Inferring Task Goals and Constraints using Bayesian Nonparametric Inverse Reinforcement Learning
Proceedings of the Conference on Robot Learning, PMLR 100:1005-1014, 2020.
Recovering an unknown reward function for complex manipulation tasks is the fundamental problem of Inverse Reinforcement Learning (IRL). Often, the recovered reward function fails to explicitly capture implicit constraints (e.g., axis alignment, force, or relative alignment) between the manipulator, the objects of interaction, and other entities in the workspace. The standard IRL approaches do not model the presence of locally-consistent constraints that may be active only in a section of a demonstration. This work introduces Constraint-based Bayesian Nonparametric Inverse Reinforcement Learning (CBN-IRL) that models the observed behaviour as a sequence of subtasks, each consisting of a goal and a set of locally-active constraints.

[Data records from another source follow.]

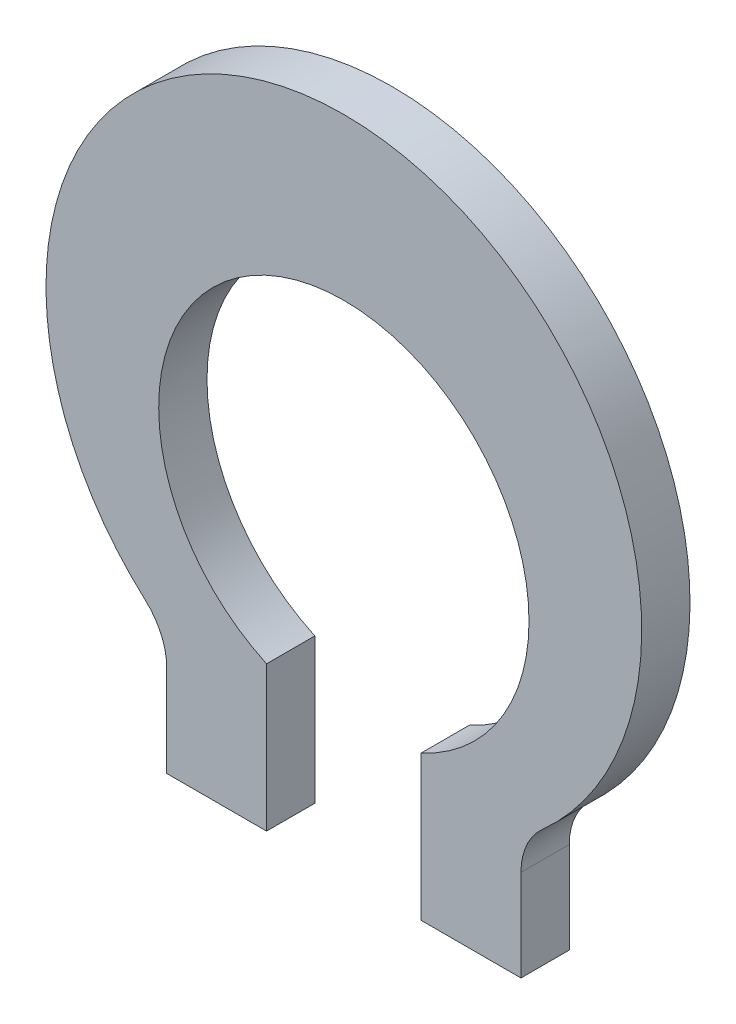
SolidWorks part; units mm, degrees
ref_plane "Front Plane" through (0, 0, 0) normal (0, 0, 1) x (1, 0, 0)
ref_plane "Top Plane" through (0, 0, 0) normal (0, 1, 0) x (1, 0, 0)
ref_plane "Right Plane" through (0, 0, 0) normal (1, 0, 0) x (0, 0, -1)
sketch "Sketch1" plane through (0, 0, 0) normal (0, 0, 1) x (1, 0, 0)
  line L0 (-2.4, 0) -> (-5.5, 0)
  line L1 (2.4, 0) -> (2.4, 4.5)
  line L2 (-2.4, 0) -> (-2.4, 4.5)
  line L3 (2.4, 0) -> (5.5, 0)
  line L4 (0, 0) -> (0, 21.8393) construction
  line L5 (-12.8987, 11.2252) -> (14.1054, 11.2252) construction
  line L6 (-5.5, 0) -> (-5.5, 3.7879)
  line L7 (5.5, 0) -> (5.5, 3.7879)
  line L8 (-12.8987, 9.7252) -> (14.1054, 9.7252) construction
  arc A0 (5.5, 3.7879) -> (-5.5, 3.7879) centre (0, 11.2252) ccw
  arc A1 (2.4, 4.5) -> (-2.4, 4.5) centre (0, 9.7252) ccw
  arc A2 (2.4, 4.5) -> (-2.4, 4.5) centre (0, 9.7252) ccw
  arc A3 (5.5, 3.7879) -> (-5.5, 3.7879) centre (0, 11.2252) ccw
  dimension "D1" = 11.5
  dimension "D2" = 18.5
  dimension "D3" = 1.5
  dimension "D4" = 3.1
  dimension "D5" = 4.5
  dimension "D6" = 4.8
extrude "Boss-Extrude1" add sketch "Sketch1" along normal blind 1.5 contours A1 L1 L3 L7 A0 L6 L0 L2
fillet "Fillet1" radius 2 2 edges at (-5.5, 3.7879, 0.75) (5.5, 3.7879, 0.75)
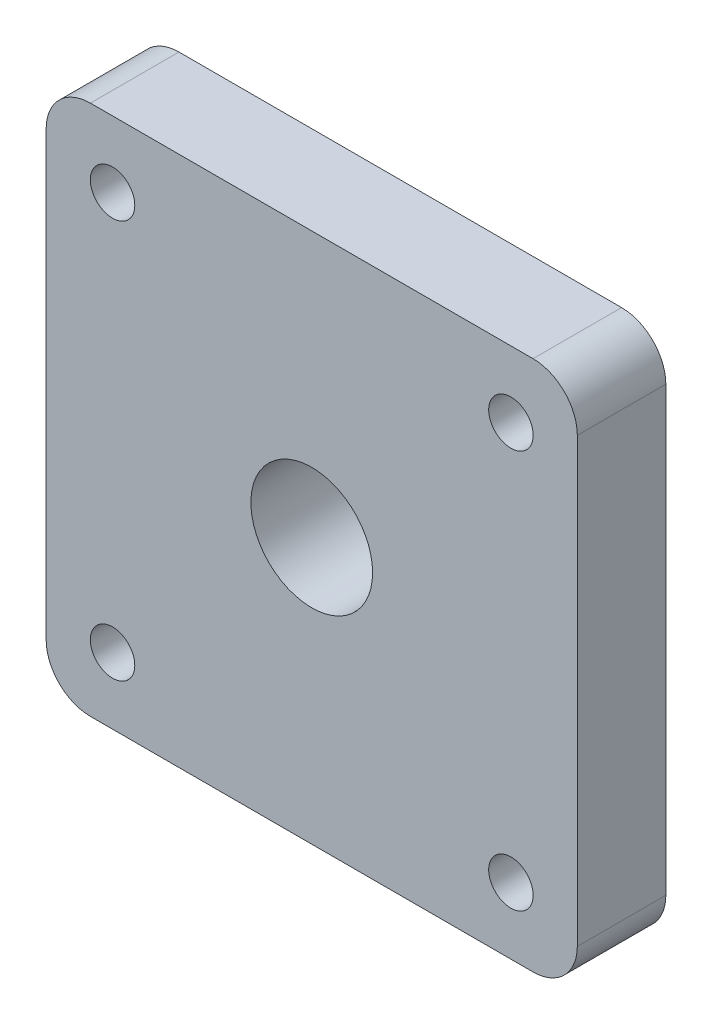
SolidWorks part; units mm, degrees
material "Plain Carbon Steel"
ref_plane "Front Plane" through (0, 0, 0) normal (0, 0, 1) x (1, 0, 0)
ref_plane "Top Plane" through (0, 0, 0) normal (0, 1, 0) x (1, 0, 0)
ref_plane "Right Plane" through (0, 0, 0) normal (1, 0, 0) x (0, 0, -1)
sketch "Sketch1" plane through (0, 0, 0) normal (0, 0, 1) x (1, 0, 0)
  line L1 (-31.75, 38.1) -> (31.75, 38.1)
  line L2 (-38.1, 31.75) -> (-38.1, -31.75)
  line L3 (-31.75, -38.1) -> (31.75, -38.1)
  line L4 (38.1, 31.75) -> (38.1, -31.75)
  line L5 (-38.1, 38.1) -> (38.1, -38.1) construction
  line L6 (-38.1, -38.1) -> (38.1, 38.1) construction
  line L7 (-28.575, 28.575) -> (28.575, 28.575) construction
  line L8 (-28.575, 28.575) -> (-28.575, -28.575) construction
  line L9 (-28.575, -28.575) -> (28.575, -28.575) construction
  line L10 (28.575, 28.575) -> (28.575, -28.575) construction
  line L11 (-28.575, 28.575) -> (28.575, -28.575) construction
  line L12 (-28.575, -28.575) -> (28.575, 28.575) construction
  circle A0 centre (0, 0) radius 8.7312
  circle A1 centre (-28.575, 28.575) radius 3.1877
  circle A2 centre (28.575, 28.575) radius 3.1877
  circle A3 centre (28.575, -28.575) radius 3.1877
  circle A4 centre (-28.575, -28.575) radius 3.1877
  arc A5 (-38.1, -31.75) -> (-31.75, -38.1) centre (-31.75, -31.75) ccw
  arc A6 (31.75, -38.1) -> (38.1, -31.75) centre (31.75, -31.75) ccw
  arc A7 (31.75, 38.1) -> (38.1, 31.75) centre (31.75, 31.75) cw
  arc A8 (-31.75, 38.1) -> (-38.1, 31.75) centre (-31.75, 31.75) ccw
  dimension "D3" = 17.4625
  dimension "D4" = 6.3754
  dimension "D5" = 6.3754
  dimension "D6" = 6.3754
  dimension "D7" = 6.3754
  dimension "D9" = 6.35
  dimension "D1" = 76.2
  dimension "D2" = 76.2
  dimension "D8" = 9.525
extrude "Boss-Extrude1" add sketch "Sketch1" along normal blind 12.7
scale "Scale1" scale about centroid uniform scaling yes scale factor 0.66
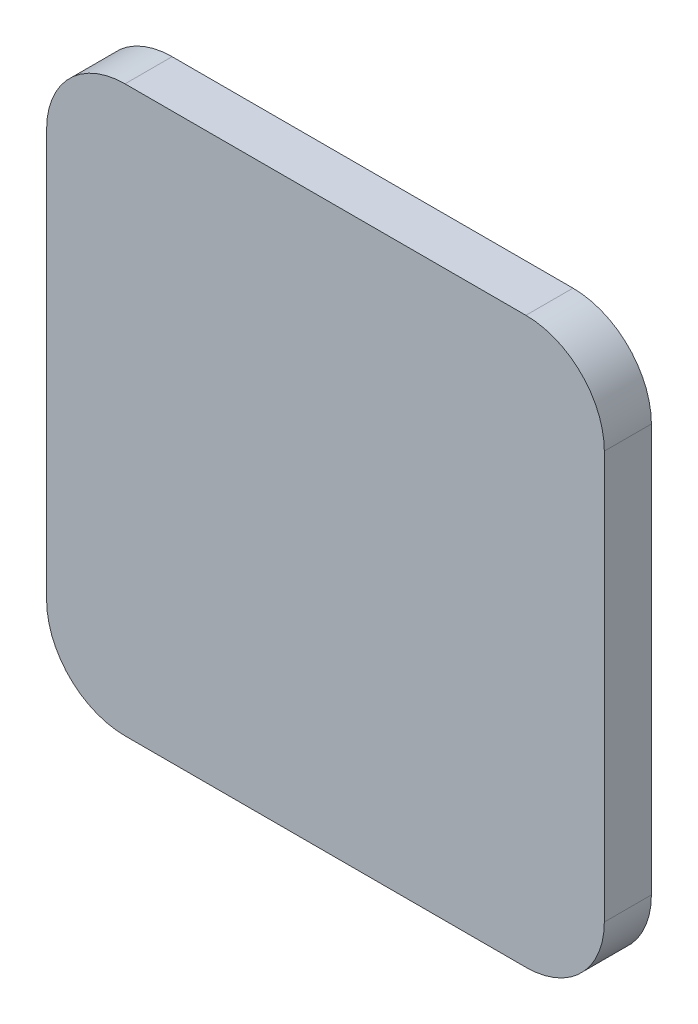
SolidWorks part; units mm, degrees
ref_plane "Front Plane" through (0, 0, 0) normal (0, 0, 1) x (1, 0, 0)
ref_plane "Top Plane" through (0, 0, 0) normal (0, 1, 0) x (1, 0, 0)
ref_plane "Right Plane" through (0, 0, 0) normal (1, 0, 0) x (0, 0, -1)
ref_plane "Plane1" through (0, 0, 6) normal (0, 0, 1) x (1, 0, 0)
sketch "Sketch2" plane through (0, 0, 6) normal (0, 0, 1) x (1, 0, 0)
  line L1 (-12.5571, 18) -> (13, 18)
  line L2 (-17.5571, 13) -> (-17.5571, -13)
  line L3 (-12.5571, -18) -> (13, -18)
  line L4 (18, 13) -> (18, -13)
  line L5 (18, 17) -> (18, -17) construction
  line L6 (-17, 18) -> (17, 18) construction
  line L7 (17, -18) -> (-17, -18) construction
  line L10 (-17.5571, -16.5274) -> (-17.5571, 15.4726) construction
  arc A0 (18, -13) -> (13, -18) centre (13, -13) cw
  arc A1 (-12.5571, -18) -> (-17.5571, -13) centre (-12.5571, -13) cw
  arc A2 (-17.5571, 13) -> (-12.5571, 18) centre (-12.5571, 13) cw
  arc A3 (13, 18) -> (18, 13) centre (13, 13) cw
  dimension "D1" = 5
extrude "Boss-Extrude1" add sketch "Sketch2" along normal blind 3

CBN-IRL infers locally-active constraints given a single demonstration by identifying potential constraints and their activation space. Further, the nonparametric prior over subgoals constituting the task allows the model to adapt with the complexity of the demonstration. The inferred set of goals and constraints are then used to recover a control policy via constrained optimization. We evaluate the proposed model in simulated navigation and manipulation domains. CBN-IRL efficiently learns a compact representation for complex tasks that allows generalization in novel environments, outperforming state-of-the-art IRL methods. Finally, we demonstrate the model on two tool-manipulation tasks using a UR5 manipulator and show generalization to novel test scenarios.